Yemeni army forces, supported by allied fighters from Popular Committees, have launched two ballistic missiles, designed and manufactured domestically, at military bases in Saudi Arabia’s southwestern border region of Jizan in relation for the Riyadh regime’s devastating military aggression against their country.
A Yemeni military source, speaking on condition of anonymity, told Arabic-language al-Masirah television network that the short-range Zelzal-2 (Earthquake-2) missiles hit Mashal and Malhamah bases with great precision on Saturday.
There were no immediate reports about possible casualties or the extent of damage caused.
The development came only a day after Yemeni forces and their allies intercepted and shot down a Saudi reconnaissance drone flying over the kingdom’s Najran region, located 844 kilometers south of the capital Riyadh.
Also on Saturday, a civilian lost his life and three others, including two women, sustained injuries when militiamen loyal to Yemen's former president Abd Rabbuh Mansur Hadi lobbed a barrage of mortar shells at their home in an area of Harad district in Yemen's northwestern province of Hajjah.
Separately, a woman succumbed to the grave injuries she had suffered earlier in the day when a Saudi airstrike hit Bani Sayyah area in the Razih district of the mountainous northwestern province of Sa'ada.

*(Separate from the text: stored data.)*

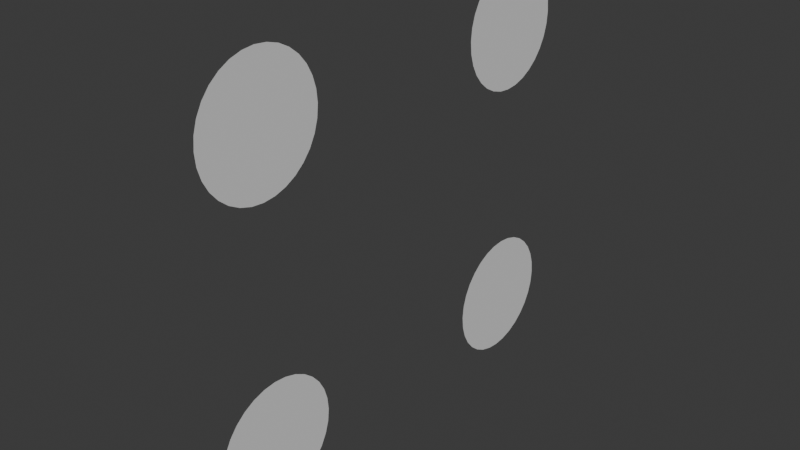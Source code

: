 # Source: FogSymbol.blend  (saved by Blender 4.3.34; exported with 4.5.12 LTS)
import bpy
from mathutils import Matrix  # noqa: F401  (used for matrix-valued properties, if any)

bpy.ops.wm.read_factory_settings(use_empty=True)
scene = bpy.context.scene
scene.name = 'Scene'

# ---- collections
col_collection = bpy.data.collections.new('Collection'); scene.collection.children.link(col_collection)

# ---- materials (node trees are filled in below, after node groups)
mat_material_001 = bpy.data.materials.new('Material.001')

# ---- material node trees
mat_material_001.use_nodes = True; mat_material_001.node_tree.nodes.clear()
_N = mat_material_001.node_tree.nodes; _L = mat_material_001.node_tree.links
n0 = _N.new('ShaderNodeOutputMaterial'); n0.name = 'Material Output'; n0.location = (300, 300)
n1 = _N.new('ShaderNodeEmission'); n1.name = 'Emission'; n1.location = (10, 300)
n1.inputs[0].default_value = (0.3825, 0.3825, 0.3825, 1.0)
_L.new(n1.outputs[0], n0.inputs[0])
n0.is_active_output = True

# ---- world
world_world = bpy.data.worlds.new('World'); scene.world = world_world
world_world.use_nodes = True; world_world.node_tree.nodes.clear()
_N = world_world.node_tree.nodes; _L = world_world.node_tree.links
n0 = _N.new('ShaderNodeOutputWorld'); n0.name = 'World Output'; n0.location = (300, 300)
n1 = _N.new('ShaderNodeBackground'); n1.name = 'Background'; n1.location = (10, 300)
n1.inputs[0].default_value = (0.05088, 0.05088, 0.05088, 1.0)
_L.new(n1.outputs[0], n0.inputs[0])
n0.is_active_output = True
world_world.color = (0.05088, 0.05088, 0.05088)
world_world.sun_shadow_jitter_overblur = 0.0

# ---- meshes
me_circle = bpy.data.meshes.new('Circle')
me_circle.from_pydata([(-2.319, -1.586, -1.014e-07), (-2.514, -1.605, -1.014e-07), (-2.701, -1.662, -1.014e-07), (-2.874, -1.754, -1.014e-07), (-3.026, -1.879, -1.014e-07), (-3.15, -2.03, -1.014e-07), (-3.243, -2.203, -1.014e-07), (-3.299, -2.391, -1.014e-07), (-3.319, -2.586, -1.014e-07), (-3.299, -2.781, -1.014e-07), (-3.243, -2.968, -1.014e-07), (-3.15, -3.141, -1.014e-07), (-3.026, -3.293, -1.014e-07), (-2.874, -3.417, -1.014e-07), (-2.701, -3.51, -1.014e-07), (-2.514, -3.567, -1.014e-07), (-2.319, -3.586, -1.014e-07), (-2.124, -3.567, -1.014e-07), (-1.936, -3.51, -1.014e-07), (-1.763, -3.417, -1.014e-07), (-1.612, -3.293, -1.014e-07), (-1.487, -3.141, -1.014e-07), (-1.395, -2.968, -1.014e-07), (-1.338, -2.781, -1.014e-07), (-1.319, -2.586, -1.014e-07), (-1.338, -2.391, -1.014e-07), (-1.395, -2.203, -1.014e-07), (-1.487, -2.03, -1.014e-07), (-1.612, -1.879, -1.014e-07), (-1.763, -1.754, -1.014e-07), (-1.936, -1.662, -1.014e-07), (-2.124, -1.605, -1.014e-07), (2.319, -1.586, -1.014e-07), (2.514, -1.605, -1.014e-07), (2.701, -1.662, -1.014e-07), (2.874, -1.754, -1.014e-07), (3.026, -1.879, -1.014e-07), (3.15, -2.03, -1.014e-07), (3.243, -2.203, -1.014e-07), (3.299, -2.391, -1.014e-07), (3.319, -2.586, -1.014e-07), (3.299, -2.781, -1.014e-07), (3.243, -2.968, -1.014e-07), (3.15, -3.141, -1.014e-07), (3.026, -3.293, -1.014e-07), (2.874, -3.417, -1.014e-07), (2.701, -3.51, -1.014e-07), (2.514, -3.567, -1.014e-07), (2.319, -3.586, -1.014e-07), (2.124, -3.567, -1.014e-07), (1.936, -3.51, -1.014e-07), (1.763, -3.417, -1.014e-07), (1.612, -3.293, -1.014e-07), (1.487, -3.141, -1.014e-07), (1.395, -2.968, -1.014e-07), (1.338, -2.781, -1.014e-07), (1.319, -2.586, -1.014e-07), (1.338, -2.391, -1.014e-07), (1.395, -2.203, -1.014e-07), (1.487, -2.03, -1.014e-07), (1.612, -1.879, -1.014e-07), (1.763, -1.754, -1.014e-07), (1.936, -1.662, -1.014e-07), (2.124, -1.605, -1.014e-07), (-2.319, 1.586, -1.014e-07), (-2.514, 1.605, -1.014e-07), (-2.701, 1.662, -1.014e-07), (-2.874, 1.754, -1.014e-07), (-3.026, 1.879, -1.014e-07), (-3.15, 2.03, -1.014e-07), (-3.243, 2.203, -1.014e-07), (-3.299, 2.391, -1.014e-07), (-3.319, 2.586, -1.014e-07), (-3.299, 2.781, -1.014e-07), (-3.243, 2.968, -1.014e-07), (-3.15, 3.141, -1.014e-07), (-3.026, 3.293, -1.014e-07), (-2.874, 3.417, -1.014e-07), (-2.701, 3.51, -1.014e-07), (-2.514, 3.567, -1.014e-07), (-2.319, 3.586, -1.014e-07), (-2.124, 3.567, -1.014e-07), (-1.936, 3.51, -1.014e-07), (-1.763, 3.417, -1.014e-07), (-1.612, 3.293, -1.014e-07), (-1.487, 3.141, -1.014e-07), (-1.395, 2.968, -1.014e-07), (-1.338, 2.781, -1.014e-07), (-1.319, 2.586, -1.014e-07), (-1.338, 2.391, -1.014e-07), (-1.395, 2.203, -1.014e-07), (-1.487, 2.03, -1.014e-07), (-1.612, 1.879, -1.014e-07), (-1.763, 1.754, -1.014e-07), (-1.936, 1.662, -1.014e-07), (-2.124, 1.605, -1.014e-07), (2.319, 1.586, -1.014e-07), (2.514, 1.605, -1.014e-07), (2.701, 1.662, -1.014e-07), (2.874, 1.754, -1.014e-07), (3.026, 1.879, -1.014e-07), (3.15, 2.03, -1.014e-07), (3.243, 2.203, -1.014e-07), (3.299, 2.391, -1.014e-07), (3.319, 2.586, -1.014e-07), (3.299, 2.781, -1.014e-07), (3.243, 2.968, -1.014e-07), (3.15, 3.141, -1.014e-07), (3.026, 3.293, -1.014e-07), (2.874, 3.417, -1.014e-07), (2.701, 3.51, -1.014e-07), (2.514, 3.567, -1.014e-07), (2.319, 3.586, -1.014e-07), (2.124, 3.567, -1.014e-07), (1.936, 3.51, -1.014e-07), (1.763, 3.417, -1.014e-07), (1.612, 3.293, -1.014e-07), (1.487, 3.141, -1.014e-07), (1.395, 2.968, -1.014e-07), (1.338, 2.781, -1.014e-07), (1.319, 2.586, -1.014e-07), (1.338, 2.391, -1.014e-07), (1.395, 2.203, -1.014e-07), (1.487, 2.03, -1.014e-07), (1.612, 1.879, -1.014e-07), (1.763, 1.754, -1.014e-07), (1.936, 1.662, -1.014e-07), (2.124, 1.605, -1.014e-07)], [], [(1, 2, 3, 4, 5, 6, 7, 8, 9, 10, 11, 12, 13, 14, 15, 16, 17, 18, 19, 20, 21, 22, 23, 24, 25, 26, 27, 28, 29, 30, 31, 0), (33, 32, 63, 62, 61, 60, 59, 58, 57, 56, 55, 54, 53, 52, 51, 50, 49, 48, 47, 46, 45, 44, 43, 42, 41, 40, 39, 38, 37, 36, 35, 34), (65, 64, 95, 94, 93, 92, 91, 90, 89, 88, 87, 86, 85, 84, 83, 82, 81, 80, 79, 78, 77, 76, 75, 74, 73, 72, 71, 70, 69, 68, 67, 66), (97, 98, 99, 100, 101, 102, 103, 104, 105, 106, 107, 108, 109, 110, 111, 112, 113, 114, 115, 116, 117, 118, 119, 120, 121, 122, 123, 124, 125, 126, 127, 96)])
_uv = me_circle.uv_layers.new(name='UVMap')
_uv.uv.foreach_set('vector', [0.0, 0.0, 0.0, 0.0, 0.0, 0.0, 0.0, 0.0, 0.0, 0.0, 0.0, 0.0, 0.0, 0.0, 0.0, 0.0, 0.0, 0.0, 0.0, 0.0, 0.0, 0.0, 0.0, 0.0, 0.0, 0.0, 0.0, 0.0, 0.0, 0.0, 0.0, 0.0, 0.0, 0.0, 0.0, 0.0, 0.0, 0.0, 0.0, 0.0, 0.0, 0.0, 0.0, 0.0, 0.0, 0.0, 0.0, 0.0, 0.0, 0.0, 0.0, 0.0, 0.0, 0.0, 0.0, 0.0, 0.0, 0.0, 0.0, 0.0, 0.0, 0.0, 0.0, 0.0, 0.0, 0.0, 0.0, 0.0, 0.0, 0.0, 0.0, 0.0, 0.0, 0.0, 0.0, 0.0, 0.0, 0.0, 0.0, 0.0, 0.0, 0.0, 0.0, 0.0, 0.0, 0.0, 0.0, 0.0, 0.0, 0.0, 0.0, 0.0, 0.0, 0.0, 0.0, 0.0, 0.0, 0.0, 0.0, 0.0, 0.0, 0.0, 0.0, 0.0, 0.0, 0.0, 0.0, 0.0, 0.0, 0.0, 0.0, 0.0, 0.0, 0.0, 0.0, 0.0, 0.0, 0.0, 0.0, 0.0, 0.0, 0.0, 0.0, 0.0, 0.0, 0.0, 0.0, 0.0, 0.0, 0.0, 0.0, 0.0, 0.0, 0.0, 0.0, 0.0, 0.0, 0.0, 0.0, 0.0, 0.0, 0.0, 0.0, 0.0, 0.0, 0.0, 0.0, 0.0, 0.0, 0.0, 0.0, 0.0, 0.0, 0.0, 0.0, 0.0, 0.0, 0.0, 0.0, 0.0, 0.0, 0.0, 0.0, 0.0, 0.0, 0.0, 0.0, 0.0, 0.0, 0.0, 0.0, 0.0, 0.0, 0.0, 0.0, 0.0, 0.0, 0.0, 0.0, 0.0, 0.0, 0.0, 0.0, 0.0, 0.0, 0.0, 0.0, 0.0, 0.0, 0.0, 0.0, 0.0, 0.0, 0.0, 0.0, 0.0, 0.0, 0.0, 0.0, 0.0, 0.0, 0.0, 0.0, 0.0, 0.0, 0.0, 0.0, 0.0, 0.0, 0.0, 0.0, 0.0, 0.0, 0.0, 0.0, 0.0, 0.0, 0.0, 0.0, 0.0, 0.0, 0.0, 0.0, 0.0, 0.0, 0.0, 0.0, 0.0, 0.0, 0.0, 0.0, 0.0, 0.0, 0.0, 0.0, 0.0, 0.0, 0.0, 0.0, 0.0, 0.0, 0.0, 0.0, 0.0, 0.0, 0.0, 0.0, 0.0, 0.0, 0.0, 0.0, 0.0, 0.0, 0.0, 0.0, 0.0])
me_circle.materials.append(mat_material_001)
me_circle.update()

# ---- objects
ob_circle = bpy.data.objects.new('Circle', me_circle)

# ---- transforms, parenting, visibility, modifiers, constraints
ob_circle.location = (0.0, -0.02721, 5.478)
ob_circle.rotation_euler = (0.0, 1.571, 0.0)

# ---- collection membership
col_collection.objects.link(ob_circle)

# ---- scene / render settings (as saved in the file)
scene.frame_start = 1; scene.frame_end = 250; scene.frame_set(1)
scene.render.engine = 'BLENDER_EEVEE_NEXT'
bpy.context.view_layer.update()

# ---- added for rendering (the .blend has no active camera and no usable light): camera, sun
cam_auto = bpy.data.cameras.new('AutoCamera')
cam_auto.lens = 50.0
cam_auto.sensor_width = 36.0
cam_auto.clip_end = 1000.0
ob_auto_camera = bpy.data.objects.new('AutoCamera', cam_auto)
scene.collection.objects.link(ob_auto_camera)
ob_auto_camera.location = (9.04086, -10.8762, 12.711)
ob_auto_camera.rotation_euler = (1.09748, -7.21219e-08, 0.694738)
scene.camera = ob_auto_camera
light_auto_sun = bpy.data.lights.new('AutoSun', 'SUN')
light_auto_sun.energy = 3.0
light_auto_sun.angle = 0.0523599
ob_auto_sun = bpy.data.objects.new('AutoSun', light_auto_sun)
scene.collection.objects.link(ob_auto_sun)
ob_auto_sun.rotation_euler = (0.872665, 0.174533, 0.523599)
bpy.context.view_layer.update()

Scores of Saudi mercenaries were also killed or injured when an explosion caused by two improvised explosive devices hit their vehicles in the al-Jabaliyah area of Yemen’s western coastal province of Hudaydah.
Saudi Arabia and a number of its regional allies launched a devastating military campaign against Yemen in March 2015, with the aim of bringing Hadi back to power and crushing the country’s Houthi Ansarullah movement.
Some 15,000 Yemenis have been killed and thousands more injured since the onset of the Saudi-led aggression.
More than 2,200 others have died of cholera, and the crisis has triggered what the United Nations has described as the world's worst humanitarian disaster.